Today, the journey took a stunning one hour and 40 minutes. Traffic was murder and two broken down cars in just the wrong places didn't help, but alas, here I am, once again enjoying the amazing hospitality of the Taj Mahal Palace, at least for a few more hours. Tonight, I'm heading back to Europe on one of those despicable Asian midnight flights, where they make you eat at 2 am (although you'd rather sleep) and where you arrive before the sun, even more tired than when you boarded… Oh well!

 

July 25, 2012: Surrogacy: Day X

 

Your father is a nervous wreck today!

Today, and I haven't heard anything to the contrary, our egg donor is supposed to do her part and donate her eggs after having been stimulated over a short period. I'm not sure if I told you this, but two weeks ago, when I was in Mumbai at the office of SurrogacyIndia, the egg donor and I were there simultaneously! I was sitting in the anteroom of the doctors when she walked out but I didn't see her, due to a wall separating the anteroom.

Later, the doctors pointed her out to me on a surveillance screen monitoring the office (the existence of which I found somewhat Orwellian). The average 17'' screen displayed several images and your “mother” (biologically anyway) was seated in a corner office. You could see it was a woman, but the image was so pixellated that I really couldn't tell if it was our donor or not. But I will take the word from the doctors and be thankful that your mother and I were at least once physically in the same location.

Today is the day of your conception, if all goes well! Once the eggs are retrieved, they will be fertilized with the sperm that I donated two weeks ago while in India. I just hope that the freezing and unfreezing goes well.

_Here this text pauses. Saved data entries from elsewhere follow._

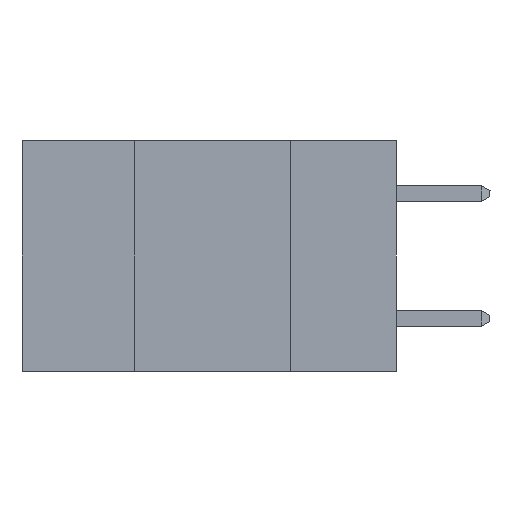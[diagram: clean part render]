
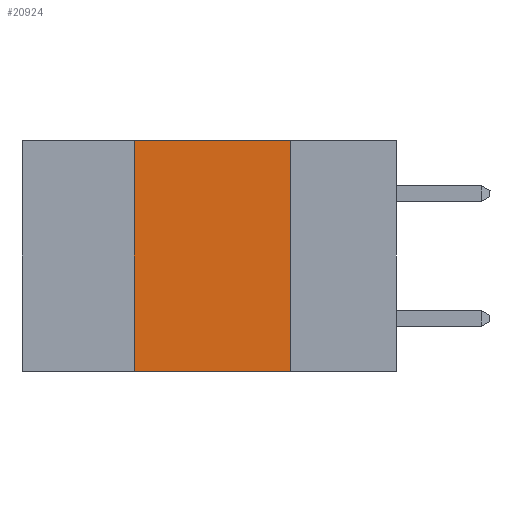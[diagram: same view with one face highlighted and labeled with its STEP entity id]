
A CAD part, left-side view. The second image highlights one B-rep face of the part: STEP entity #20924.
In plain terms, the highlighted planar face has unit normal (-1, 0, 0).
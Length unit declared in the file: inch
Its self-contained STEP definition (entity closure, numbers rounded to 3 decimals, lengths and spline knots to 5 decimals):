
#1395 = LINE ( 'NONE', #22173, #22643 ) ;
#1926 = ORIENTED_EDGE ( 'NONE', *, *, #5576, .F. ) ;
#2679 = DIRECTION ( 'NONE',  ( 0., 0., -1. ) ) ;
#2975 = CARTESIAN_POINT ( 'NONE',  ( 0., 0.17, -0.37 ) ) ;
#3470 = VERTEX_POINT ( 'NONE', #25469 ) ;
#4160 = EDGE_CURVE ( 'NONE', #4569, #14096, #1395, .T. ) ;
#4569 = VERTEX_POINT ( 'NONE', #8113 ) ;
#5321 = LINE ( 'NONE', #12039, #26531 ) ;
#5555 = LINE ( 'NONE', #2975, #26678 ) ;
#5576 = EDGE_CURVE ( 'NONE', #3470, #14096, #5555, .T. ) ;
#5992 = CARTESIAN_POINT ( 'NONE',  ( 0., 0.42, 0. ) ) ;
#6512 = CARTESIAN_POINT ( 'NONE',  ( 0., 0.17, -0.37 ) ) ;
#7280 = DIRECTION ( 'NONE',  ( 0., -1., 0. ) ) ;
#7575 = DIRECTION ( 'NONE',  ( 1., 0., 0. ) ) ;
#7866 = DIRECTION ( 'NONE',  ( 0., 0., 1. ) ) ;
#8058 = EDGE_CURVE ( 'NONE', #10382, #3470, #18756, .T. ) ;
#8113 = CARTESIAN_POINT ( 'NONE',  ( 0., 0.42, -0.37 ) ) ;
#9464 = AXIS2_PLACEMENT_3D ( 'NONE', #19839, #7575, #21894 ) ;
#10231 = EDGE_LOOP ( 'NONE', ( #1926, #12929, #19628, #26383 ) ) ;
#10382 = VERTEX_POINT ( 'NONE', #5992 ) ;
#12039 = CARTESIAN_POINT ( 'NONE',  ( 0., 0.42, -0.37 ) ) ;
#12929 = ORIENTED_EDGE ( 'NONE', *, *, #8058, .F. ) ;
#13854 = EDGE_CURVE ( 'NONE', #4569, #10382, #5321, .T. ) ;
#14096 = VERTEX_POINT ( 'NONE', #6512 ) ;
#15700 = PLANE ( 'NONE',  #9464 ) ;
#18756 = LINE ( 'NONE', #21585, #23587 ) ;
#19628 = ORIENTED_EDGE ( 'NONE', *, *, #13854, .F. ) ;
#19839 = CARTESIAN_POINT ( 'NONE',  ( 0., 0.6, 0. ) ) ;
#20924 = ADVANCED_FACE ( 'NONE', ( #22711 ), #15700, .F. ) ;
#21585 = CARTESIAN_POINT ( 'NONE',  ( 0., 0.6, 0. ) ) ;
#21894 = DIRECTION ( 'NONE',  ( 0., 0., -1. ) ) ;
#22173 = CARTESIAN_POINT ( 'NONE',  ( 0., 0.6, -0.37 ) ) ;
#22349 = DIRECTION ( 'NONE',  ( 0., -1., 0. ) ) ;
#22643 = VECTOR ( 'NONE', #22349, 39.37008 ) ;
#22711 = FACE_OUTER_BOUND ( 'NONE', #10231, .T. ) ;
#23587 = VECTOR ( 'NONE', #7280, 39.37008 ) ;
#25469 = CARTESIAN_POINT ( 'NONE',  ( 0., 0.17, 0. ) ) ;
#26383 = ORIENTED_EDGE ( 'NONE', *, *, #4160, .T. ) ;
#26531 = VECTOR ( 'NONE', #7866, 39.37008 ) ;
#26678 = VECTOR ( 'NONE', #2679, 39.37008 ) ;
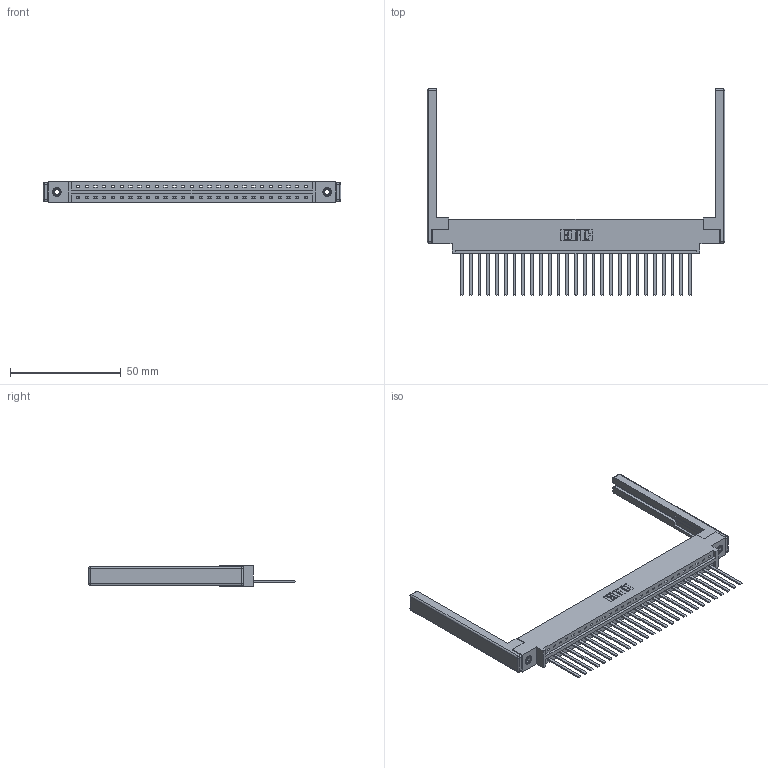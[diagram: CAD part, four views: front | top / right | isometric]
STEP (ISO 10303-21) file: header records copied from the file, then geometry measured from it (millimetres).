
FILE_DESCRIPTION (( 'STEP AP203' ), '1' );
FILE_NAME ('387-027-544-668.STEP', '2019-10-03T14:19:19', ( '' ), ( '' ), 'SwSTEP 2.0', 'SolidWorks 2016', '' );
FILE_SCHEMA (( 'CONFIG_CONTROL_DESIGN' ));
Length unit declared in the file: inch
Products named in the file (5): 337 Part_0.170 Offset - 0.156 Dia-TI; 307-220-068; 345-292-001_345-293-144; 345-250-001_345-250-001-102; 387-027-544-668
Assembly tree (32 placements, depth 2):
  387-027-544-668
    337 Part_0.170 Offset - 0.156 Dia-TI
    345-292-001_345-293-144  x27
    345-250-001_345-250-001-102  x2
    307-220-068  x2
Bounding box: 134.42 x 93.35 x 9.4 mm (x, y, z)
Volume: 18369.1 mm3; surface area: 19578.5 mm2
Topology: 32 solids, 32 shells, 1784 faces, 5303 edges, 3478 vertices
Faces by surface type: plane 1296, cylinder 464, cone 12, sphere 8, torus 4
Entity records: 24718 total; most frequent: CARTESIAN_POINT 4260, ORIENTED_EDGE 4212, DIRECTION 3686, EDGE_CURVE 2106, VECTOR 1932, LINE 1932, VERTEX_POINT 1394, AXIS2_PLACEMENT_3D 877
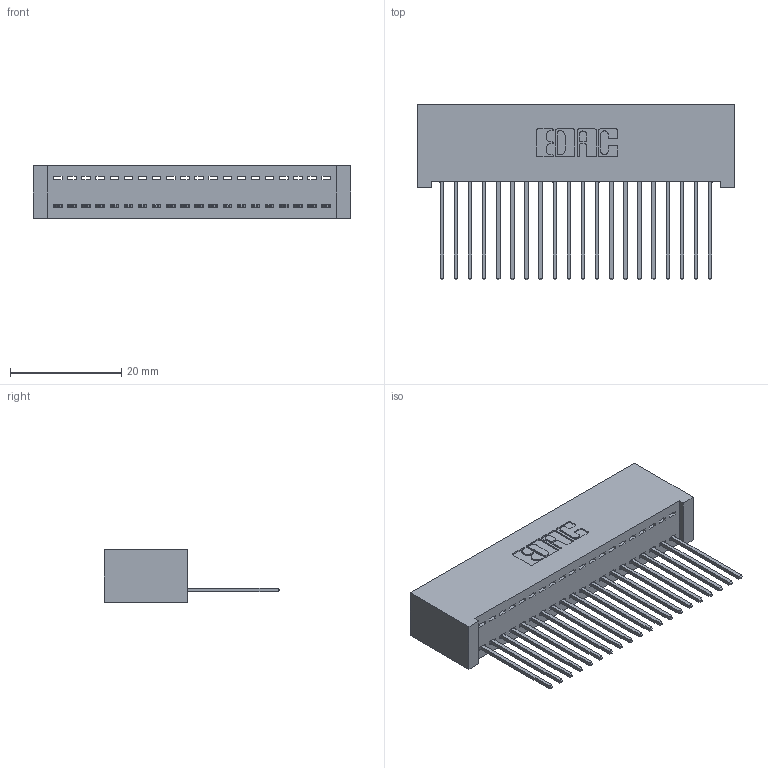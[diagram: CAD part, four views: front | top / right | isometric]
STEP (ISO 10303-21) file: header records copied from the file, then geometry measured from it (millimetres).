
FILE_DESCRIPTION (( 'STEP AP203' ), '1' );
FILE_NAME ('342-020-542-101.STEP', '2019-10-01T21:14:51', ( '' ), ( '' ), 'SwSTEP 2.0', 'SolidWorks 2016', '' );
FILE_SCHEMA (( 'CONFIG_CONTROL_DESIGN' ));
Length unit declared in the file: inch
Products named in the file (3): 342 Part_Lugless; 345-292-001_345-293-142; 342-020-542-101
Assembly tree (21 placements, depth 2):
  342-020-542-101
    342 Part_Lugless
    345-292-001_345-293-142  x20
Bounding box: 57.05 x 31.63 x 9.4 mm (x, y, z)
Volume: 5374.4 mm3; surface area: 8076 mm2
Topology: 21 solids, 21 shells, 1262 faces, 3795 edges, 2502 vertices
Faces by surface type: plane 902, cylinder 360
Entity records: 14681 total; most frequent: CARTESIAN_POINT 2542, ORIENTED_EDGE 2498, DIRECTION 2181, EDGE_CURVE 1249, LINE 1129, VECTOR 1129, VERTEX_POINT 830, AXIS2_PLACEMENT_3D 526
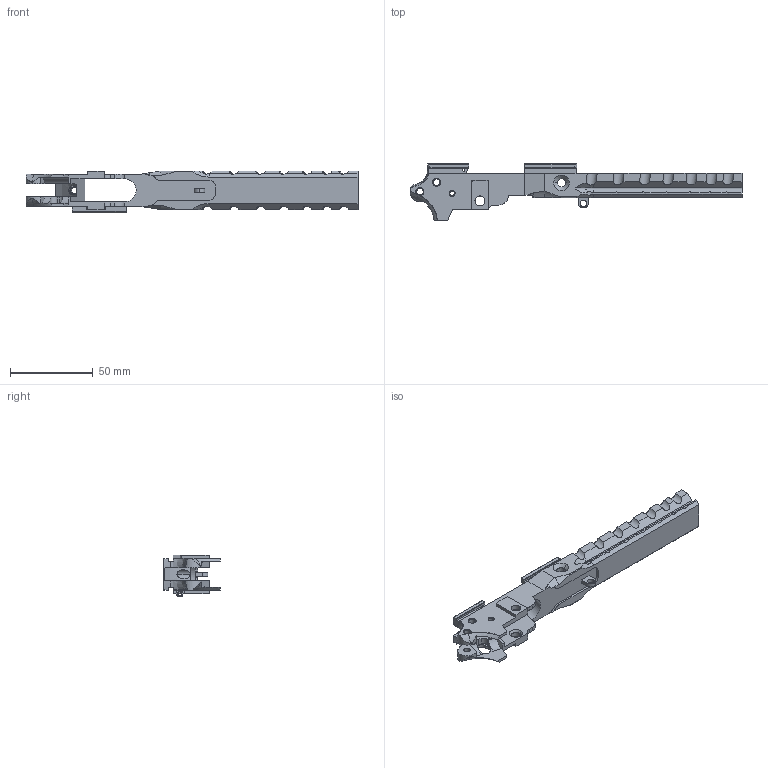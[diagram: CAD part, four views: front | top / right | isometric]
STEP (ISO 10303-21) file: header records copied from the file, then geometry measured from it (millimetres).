
FILE_DESCRIPTION (( 'STEP AP214' ), '1' );
FILE_NAME ('Frame_Single_Tactical_5Zoll.STEP', '2013-07-30T15:12:07', ( 'Asher' ), ( '' ), 'SwSTEP 2.0', 'SolidWorks 2013', '' );
FILE_SCHEMA (( 'AUTOMOTIVE_DESIGN' ));
Length unit declared in the file: millimetre
Products named in the file (1): Frame_Single_Tactical_5Zoll
Bounding box: 200.55 x 33.91 x 25.37 mm (x, y, z)
Volume: 31455.6 mm3; surface area: 22663.9 mm2
Topology: 1 solids, 1 shells, 321 faces, 922 edges, 602 vertices
Faces by surface type: plane 142, cylinder 126, cone 34, bspline 12, torus 7
Entity records: 11344 total; most frequent: CARTESIAN_POINT 3089, ORIENTED_EDGE 1844, DIRECTION 1598, EDGE_CURVE 922, VERTEX_POINT 602, AXIS2_PLACEMENT_3D 533, LINE 532, VECTOR 532
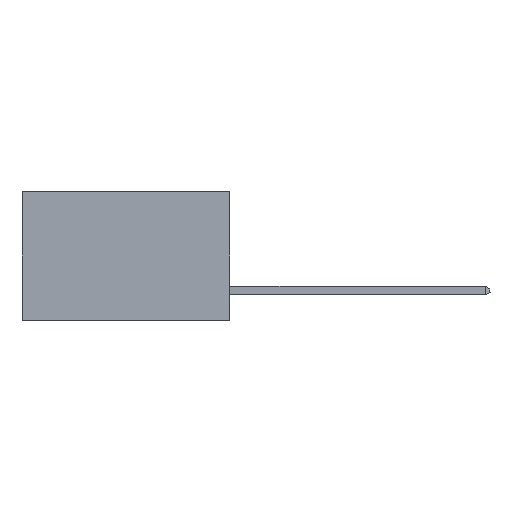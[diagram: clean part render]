
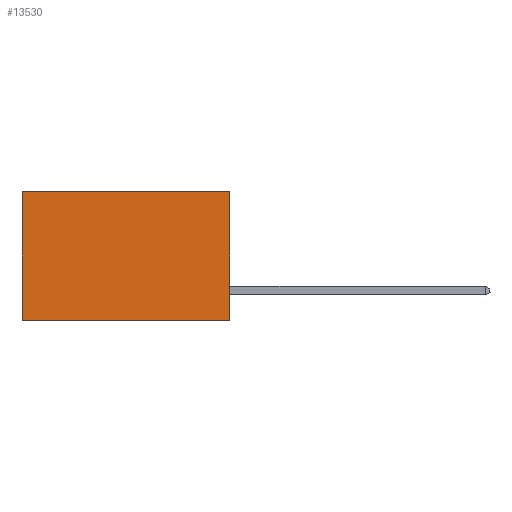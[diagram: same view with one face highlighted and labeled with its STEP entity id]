
A CAD part, left-side view. The second image highlights one B-rep face of the part: STEP entity #13530.
In plain terms, the highlighted planar face has unit normal (-1, 0, 0).
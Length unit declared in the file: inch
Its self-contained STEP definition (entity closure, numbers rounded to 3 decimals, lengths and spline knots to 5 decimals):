
#273 = VECTOR ( 'NONE', #13731, 39.37008 ) ;
#481 = VECTOR ( 'NONE', #6963, 39.37008 ) ;
#499 = ORIENTED_EDGE ( 'NONE', *, *, #14177, .F. ) ;
#725 = EDGE_CURVE ( 'NONE', #13568, #2028, #8960, .T. ) ;
#850 = AXIS2_PLACEMENT_3D ( 'NONE', #1466, #14555, #14604 ) ;
#882 = CARTESIAN_POINT ( 'NONE',  ( 0.298, 0.6, -0.37 ) ) ;
#1264 = FACE_OUTER_BOUND ( 'NONE', #11051, .T. ) ;
#1466 = CARTESIAN_POINT ( 'NONE',  ( 0.298, 0., 0. ) ) ;
#1934 = VERTEX_POINT ( 'NONE', #882 ) ;
#1942 = LINE ( 'NONE', #2652, #14204 ) ;
#2028 = VERTEX_POINT ( 'NONE', #2195 ) ;
#2195 = CARTESIAN_POINT ( 'NONE',  ( 0.298, 0.6, 0. ) ) ;
#2537 = LINE ( 'NONE', #11226, #273 ) ;
#2652 = CARTESIAN_POINT ( 'NONE',  ( 0.298, 0., -0.37 ) ) ;
#2716 = VERTEX_POINT ( 'NONE', #8390 ) ;
#3189 = CARTESIAN_POINT ( 'NONE',  ( 0.298, 0., 0. ) ) ;
#5131 = EDGE_CURVE ( 'NONE', #2716, #1934, #1942, .T. ) ;
#5633 = ORIENTED_EDGE ( 'NONE', *, *, #14737, .T. ) ;
#5734 = CARTESIAN_POINT ( 'NONE',  ( 0.298, 0., 0. ) ) ;
#6136 = ORIENTED_EDGE ( 'NONE', *, *, #5131, .F. ) ;
#6183 = ORIENTED_EDGE ( 'NONE', *, *, #725, .T. ) ;
#6748 = DIRECTION ( 'NONE',  ( 0., 1., 0. ) ) ;
#6963 = DIRECTION ( 'NONE',  ( 0., 0., -1. ) ) ;
#7421 = PLANE ( 'NONE',  #850 ) ;
#8390 = CARTESIAN_POINT ( 'NONE',  ( 0.298, 0., -0.37 ) ) ;
#8606 = VECTOR ( 'NONE', #6748, 39.37008 ) ;
#8960 = LINE ( 'NONE', #3189, #8606 ) ;
#9072 = CARTESIAN_POINT ( 'NONE',  ( 0.298, 0., 0. ) ) ;
#11051 = EDGE_LOOP ( 'NONE', ( #5633, #6136, #499, #6183 ) ) ;
#11109 = DIRECTION ( 'NONE',  ( 0., 1., 0. ) ) ;
#11226 = CARTESIAN_POINT ( 'NONE',  ( 0.298, 0.6, 0. ) ) ;
#12215 = LINE ( 'NONE', #5734, #481 ) ;
#13530 = ADVANCED_FACE ( 'NONE', ( #1264 ), #7421, .F. ) ;
#13568 = VERTEX_POINT ( 'NONE', #9072 ) ;
#13731 = DIRECTION ( 'NONE',  ( 0., 0., -1. ) ) ;
#14177 = EDGE_CURVE ( 'NONE', #13568, #2716, #12215, .T. ) ;
#14204 = VECTOR ( 'NONE', #11109, 39.37008 ) ;
#14555 = DIRECTION ( 'NONE',  ( 1., 0., 0. ) ) ;
#14604 = DIRECTION ( 'NONE',  ( 0., 0., -1. ) ) ;
#14737 = EDGE_CURVE ( 'NONE', #2028, #1934, #2537, .T. ) ;

I still cannot believe that you can take sperm, eggs, or entire fetuses for that matter, and just freeze them to thaw at will with absolutely no tissue damage. It is one of those wonders in medicine I just don't get, but I'm happy it works.

Once the process is successfully completed (you can read about all the gory details on the Wiki), the cytoplasts will be implanted into our surrogate mother on the 27th—two days from now. These days are the most hectic ones in terms of the work for SI and probably the most stressful ones for your dad and I.